I'm interested in the thoughts of this group as well as opinions on the quality and workmanship of this line.  I did check a smaller version of this smoker out at a local Menards and was not overly impressed with the build quality. The metal seems a bit thin, but I'm used to my super heavy vertical that I currently use.

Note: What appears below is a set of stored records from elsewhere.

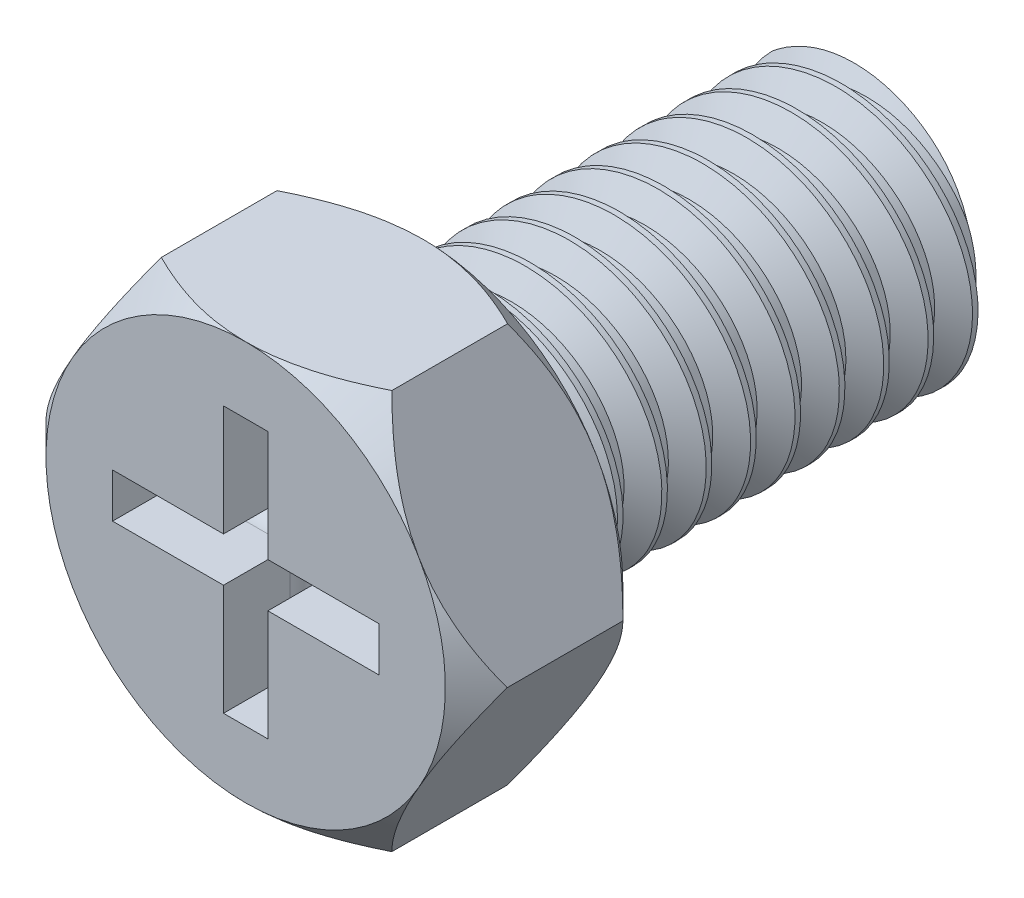
from build123d import *

# Parameters (mm, degrees)
BOSS_EXTRUDE1_DEPTH      = 2
BOSS_EXTRUDE2_DEPTH      = 2
BOSS_EXTRUDE2_DEPTH_BACK = 5
SKETCH1_3_R              = 1.5
THREAD1_PITCH            = 0.5
SKETCH1_8_OUTSIDE_W      = 11.158
SKETCH1_8_OUTSIDE_H      = 10.462
SKETCH1_8_OUTSIDE_R      = 2.25
CUT_EXTRUDE3_DEPTH       = 1
CUT_EXTRUDE3_DRAFT       = 45
SKETCH8_OUTSIDE_W        = 11.158
SKETCH8_OUTSIDE_H        = 10.462
SKETCH8_OUTSIDE_R        = 2.25
CUT_EXTRUDE4_DEPTH       = 1
CUT_EXTRUDE4_DRAFT       = -45
CUT_EXTRUDE5_DEPTH       = 1
FILLET1_R                = 0.25


with BuildPart() as part:
    # Sketch1 → Boss-Extrude1 (new body)
    with BuildSketch(Plane.XY):
        Polygon((2.598076211, 0), (1.299038106, 2.25), (-1.299038106, 2.25), (-2.598076211, 0), (-1.299038106, -2.25), (1.299038106, -2.25), align=None)
    extrude(amount=BOSS_EXTRUDE1_DEPTH)

    # Sketch1<3> → Boss-Extrude2 (add, two sides: drawn at the far end of the back side and taken through both)
    with BuildSketch(Plane.XY.offset(-BOSS_EXTRUDE2_DEPTH_BACK)):
        Circle(SKETCH1_3_R)
    extrude(amount=BOSS_EXTRUDE2_DEPTH + BOSS_EXTRUDE2_DEPTH_BACK)

    # Thread1: the profile of Thread Profile2 profile screwed along a right-hand helix of 10 turns, 6 arcs to a turn; built about Z, then put on its axis
    thread1_z = Axis((0, 0, 0), (0, 0, 1))
    thread1_corners = [(1.5003, 0, -0.000173205), (1.5003, 0, 0.437673204), (1.229367063, 0, 0.281249999), (1.229367063, 0, 0.156249999)]
    with BuildLine(mode=Mode.PRIVATE) as thread1_profile:
        Line(thread1_corners[0], thread1_corners[1])
        Line(thread1_corners[1], thread1_corners[2])
        Line(thread1_corners[2], thread1_corners[3])
        Line(thread1_corners[3], thread1_corners[0])
    thread1_cap = Face(thread1_profile.wire())
    thread1_turn_angles = [0, 30, 60, 90, 120, 150, 180, 210, 240, 270, 300, 330, 360]
    thread1_turn_weights = [1, 0.8660254037844387, 1, 0.8660254037844387, 1, 0.8660254037844387, 1, 0.8660254037844387, 1, 0.8660254037844387, 1, 0.8660254037844387, 1]
    thread1_turn_rails = [Edge.make_bspline([Vector(p[0], p[1], 0).rotate(thread1_z, thread1_turn_angles[k]) / thread1_turn_weights[k] + Vector(0, 0, p[2] + THREAD1_PITCH * thread1_turn_angles[k] / 360) for k in range(13)], [0, 0, 0, 1, 1, 2, 2, 3, 3, 4, 4, 5, 5, 6, 6, 6], 2, thread1_turn_weights) for p in thread1_corners]
    thread1_turn_sides = [Face.make_surface_from_curves(thread1_turn_rails[p[0]], thread1_turn_rails[p[1]]) for p in [(0, 1), (1, 2), (2, 3), (3, 0)]]
    thread1 = Plane(origin=(0, 0, 0), x_dir=(-1, 0, 0), z_dir=(0, 0, -1)) * Solid(Shell([*[p.moved(Location((0, 0, THREAD1_PITCH * i))) for i in range(10) for p in thread1_turn_sides], thread1_cap, thread1_cap.rotate(thread1_z, 3600).moved(Location((0, 0, THREAD1_PITCH * 3600 / 360)))]))
    add(thread1, mode=Mode.SUBTRACT)


with BuildPart() as cut_extrude3_tool:
    # Sketch1<8> outside → Cut-Extrude3 (with draft: the straight prism first)
    with BuildSketch(Plane.XY):
        Rectangle(SKETCH1_8_OUTSIDE_W, SKETCH1_8_OUTSIDE_H)
        Circle(SKETCH1_8_OUTSIDE_R, mode=Mode.SUBTRACT)
    extrude(amount=CUT_EXTRUDE3_DEPTH)
    # Cut-Extrude3: the draft: its side faces are tilted about the plane it starts from
    cut_extrude3_sides = [cut_extrude3_tool.faces().sort_by_distance(p)[0] for p in [
        (0, -5.231, 0.5),
        (5.579, 0, 0.5),
        (0, 5.231, 0.5),
        (-5.579, 0, 0.5),
        (-2.25, 0, 0.5),
    ]]
    draft(cut_extrude3_sides, Plane.XY, CUT_EXTRUDE3_DRAFT)


with BuildPart() as part_1:
    add(part.part)

    # Cut-Extrude3: cut by cut_extrude3_tool
    add(cut_extrude3_tool.part, mode=Mode.SUBTRACT)


with BuildPart() as cut_extrude4_tool:
    # Sketch8 outside → Cut-Extrude4 (with draft: the straight prism first)
    with BuildSketch(Plane.XY.offset(2)):
        Rectangle(SKETCH8_OUTSIDE_W, SKETCH8_OUTSIDE_H)
        Circle(SKETCH8_OUTSIDE_R, mode=Mode.SUBTRACT)
    extrude(amount=-CUT_EXTRUDE4_DEPTH)
    # Cut-Extrude4: the draft: its side faces are tilted about the plane it starts from
    cut_extrude4_sides = [cut_extrude4_tool.faces().sort_by_distance(p)[0] for p in [
        (0, -5.231, 1.5),
        (5.579, 0, 1.5),
        (0, 5.231, 1.5),
        (-5.579, 0, 1.5),
        (-2.25, 0, 1.5),
    ]]
    draft(cut_extrude4_sides, Plane.XY.offset(2), CUT_EXTRUDE4_DRAFT)


with BuildPart() as part_2:
    add(part_1.part)

    # Cut-Extrude4: cut by cut_extrude4_tool
    add(cut_extrude4_tool.part, mode=Mode.SUBTRACT)

    # Sketch10 → Cut-Extrude5 (cut)
    with BuildSketch(Plane.XY.offset(2)):
        Polygon((-0.25, -1.5), (0.25, -1.5), (0.25, -0.25), (1.5, -0.25), (1.5, 0.25), (0.25, 0.25), (0.25, 1.5), (-0.25, 1.5), (-0.25, 0.25), (-1.5, 0.25), (-1.5, -0.25), (-0.25, -0.25), align=None)
    extrude(amount=-CUT_EXTRUDE5_DEPTH, mode=Mode.SUBTRACT)

    # Fillet1
    fillet1_edges = [part_2.edges().sort_by_distance(p)[0] for p in [
        (-0.25, -0.875, 1),
        (-0.875, -0.25, 1),
        (-1.5, 0, 1),
        (-0.875, 0.25, 1),
        (-0.25, 0.875, 1),
        (0, 1.5, 1),
        (0.25, 0.875, 1),
        (0.875, 0.25, 1),
        (1.5, 0, 1),
        (0.875, -0.25, 1),
        (0.25, -0.875, 1),
        (0, -1.5, 1),
    ]]
    fillet(fillet1_edges, radius=FILLET1_R - 0.0001)  # a hair under: the kernel refuses the full size


solid = part_2.part

Appreciate all opinions and comments.
Last quick thought. Are there any American made vertical pellet smokers worth looking into?


----------



## Oberski12 (Jul 16, 2018)

Hello 
I have the 5 series smoker! This unit seem to work pretty good smoked 3 times on it and everything seem to run very well. Temp range is off on mine 5* +/- which i can live with. The build quality for the price point is good double walled and seem to hold temps petty well. I found by running mine with the meat on Smoke temp for 2-3 (Range 150-165) hours it smokes the mean heavy smoky taste and then bump it to 225* to cook it really help adding in more flavor to the meats. The meat photo is cook and Brisket Flat for 6 hours. 2 Hours on smoke and 4 Hours at 250* Was pleased with what it came out.


----------



## Will Smoke (Jul 16, 2018)

i know the pellet hopper on that 7 series is Huge, when at smoking setting it will probably last all  day with minimal check-ups unless your into that kind of thing


----------



## tjmitche (Jul 18, 2018)

Oberski12 said:


> Hello
> I have the 5 series smoker! This unit seem to work pretty good smoked 3 times on it and everything seem to run very well. Temp range is off on mine 5* +/- which i can live with. The build quality for the price point is good double walled and seem to hold temps petty well. I found by running mine with the meat on Smoke temp for 2-3 (Range 150-165) hours it smokes the mean heavy smoky taste and then bump it to 225* to cook it really help adding in more flavor to the meats. The meat photo is cook and Brisket Flat for 6 hours. 2 Hours on smoke and 4 Hours at 250* Was pleased with what it came out.



How do you like the temp controller?  In my current gas vertical smoker, I have added a fine tuned regulator and I feel I have more control than the 25-degree increments available in the Copperhead series.  Has it been an issue for you so far?


----------



## Oberski12 (Jul 18, 2018)

TJMitche - I like my temp setting they are with in 5 degree up or down i find that using my unit at Smoke temp 170-180 and setting dial to 225 to 300 seem to be right on;. but with high temps which i very little use for it might be off a little more maybe like 10/15 degrees but all in all its nice and like it for the price point of the unit. Cant complain really.


----------



## tjmitche (Jul 18, 2018)

Thanks for the feedback.  Will be pulling the trigger on one of these soon! :)


----------



## Rings Я Us (Jul 18, 2018)

Tulsa Jeff had done a test on the 7 series. 
He likes it and has used it for a few cooks. 
You might find Jeff's  run down on that pellet smoker somewhere online .


----------



## Rings Я Us (Jul 18, 2018)

tjmitche said:


> Thanks for the feedback.  Will be pulling the trigger on one of these soon! :)



Here is a link to the above mentioned thread I read once.


https://www.smoking-meat.com/may-31-2018-texas-style-smoked-tri-tip-in-the-pit-boss-copperhead


----------



## tjmitche (Jul 18, 2018)

Rings Я Us said:


> Here is a link to the above mentioned thread I read once.
> 
> 
> https://www.smoking-meat.com/may-31-2018-texas-style-smoked-tri-tip-in-the-pit-boss-copperhead


Thanks! Been looking for it for the last 15 minutes .... :D


----------